Rakor Satgas Pangan Kota Banjarmasin di Aula DKP3 Kota Banjarmasin, Rabu (3/12/2025).
Banjarmasin - Sejak dibentuk, Satuan Tugas (Satgas) Kota Banjarmasin terus berkomitmen menjamin ketersediaan dan keamanan bahan pangan yang didistribusikan di Kota Seribu Sungai.
Tujuannya tak lain untuk mewujudkan rasa aman dan kepastian bagi masyarakat kota untuk mendapatkan kebutuhan pangan.
Seiring dengan itu, Pemerintah Kota (Pemko) Banjarmasin melaksanakan Rakor Satgas Pangan dengan melibatkan para pedagang di tingkat pasar, para pemasok hingga stakeholder terkait.
"Rasa aman, nyaman dan kepastian itu berkaitan dengan harga yang terjangkau, kualitas yang bagus dan kesehatan terhadap pangan yang didapat," kata Ketua Satgas Pangan Kota Banjarmasin, Ikhsan Budiman di sela-sela Rapat Koordinasi (Rakor) Satgas Pangan di Aula Dinas Ketahanan Pangan, Pertanian dan Perikanan (DKP3) Kota Banjarmasin, Rabu (3/12/2025).
Lebih lanjut, Ikhsan menjelaskan peran satgas pangan ini sama halnya dengan Tim Pengendalian Inflasi Daerah (TPID) yang mana tugasnya untuk mengawasi dan mengenali rangkaian serta prosedur dalam pemenuhan kebutuhan pokok di Kota Seribu Sungai.
"Berkaitan dengan kebutuhan pangan seperti lauk, beras, hingga sayur mayur. Kemudian rantai pasokan kota dan daerah pemasok yang harus kita kenali untuk memastikan kebutuhan bahan pokok aman dan terkendali," jelasnya.
Selain itu, komitmen satgas pangan ini juga lanjutnya, sejalan dengan program Makanan Bergizi Gratis (MBG) dalam pemenuhan kebutuhan pokok dan keamanannya.
"Ini bagian dari dukungan kita terhadap MBG. Mulai dari proses penyediaan hingga di tingkat penerimaan manfaat dan kita mengatur berkaitan dengan pasokan pangan yang dibutuhkan dalam pelaksanaan MBG ini," akhirnya.
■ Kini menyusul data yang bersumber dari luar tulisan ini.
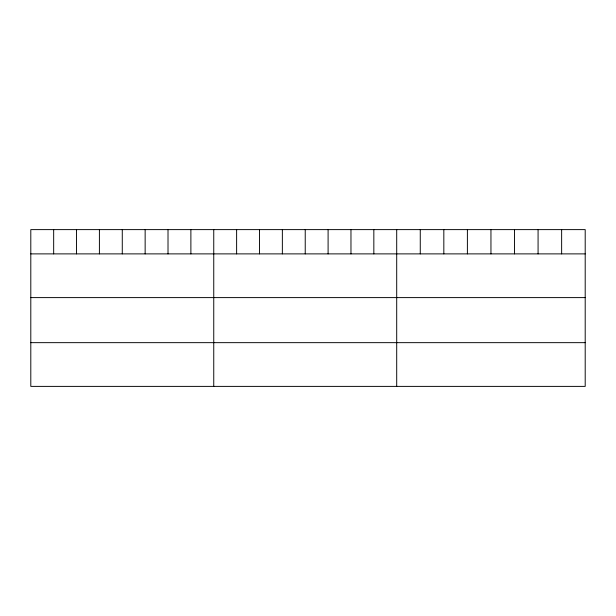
<?xml version="1.0" encoding="UTF-8"?>
<svg xmlns="http://www.w3.org/2000/svg" width="616" height="616" viewBox="0 0 616 616"><rect width="100%" height="100%" fill="white"/><g stroke="black" fill="none" stroke-linecap="round" stroke-linejoin="round"><path stroke-width="0.92" d="M585.2 253.884L585.2 386.386L30.8 386.386L30.8 229.614L585.2 229.614L585.2 253.884L30.8 253.884M30.8 297.605L585.2 297.605M30.8 342.658L585.2 342.658M561.638 229.614L561.638 253.884M538.076 229.614L538.076 253.884M514.514 229.614L514.514 253.884M490.952 229.614L490.952 253.884M467.39 229.614L467.39 253.884M443.828 229.614L443.828 253.884M420.266 229.614L420.266 253.884M396.704 229.614L396.704 386.386M373.835 229.614L373.835 253.884M350.966 229.614L350.966 253.884M328.097 229.614L328.097 253.884M305.228 229.614L305.228 253.884M282.359 229.614L282.359 253.884M259.49 229.614L259.49 253.884M236.621 229.614L236.621 253.884M213.752 229.614L213.752 386.386M190.883 229.614L190.883 253.884M168.014 229.614L168.014 253.884M145.145 229.614L145.145 253.884M122.276 229.614L122.276 253.884M99.407 229.614L99.407 253.884M76.538 229.614L76.538 253.884M53.669 229.614L53.669 253.884"/></g></svg>

Sementara itu, Kepala Bidang (Kabid) Ketersediaan dan Distribusi Pangan DKP3 Kota Banjarmasin, Abdul Hadi menuturkan pangan yang masuk di Kota Banjarmasin selalu dalam pengawasan untuk memastikan ketersediaan, kestabilan harga hingga keamanannya.
"Kami selalu memantau," ucap Hadi.
Adapun menjelang perayaan Natal dan Tahun Baru (Nataru) tahun ini, sedikitnya banyak berdampak pada pasokan pangan yang ada karena tingginya permintaan. Terlebih, di awal tahun mendatang ada agenda besar Haul Muhammad Zaini bin Abdul Ghani atau Guru Sekumpul.
Hal itu, menyebabkan ketersediaan pangan menipis. Seiring tingginya permintaan dan harganya mengalami kenaikan.
"Seperti cabai itu harganya naik dari harga Rp. 25 ribu sampai Rp. 60 ribu. Kemudian bawang juga dari harga Rp. 35 ribu naik sekitar Rp. 45 ribu. Hingga perlu diwaspadai," jelasnya.
Menyusul adanya kondisi tersebut, Pemko Banjarmasin telah mengambil langkah antisipasi agar ketersediaan dan harga kebutuhan pangan tetap stabil dan aman.
"Contohnya, pemenuhan kebutuhan dari daerah pemasok yang mana sebelumnya pemerintah kota sudah jalin bekerja sama untuk pemenuhan itu. Sedangkan menjaga harga tetap stabil dengan mengelar gerakan pangan murah. Dimana kita bantu subsidi pada kebutuhan pokok yang dibeli masyarakat dari kegiatan kami," pungkasnya.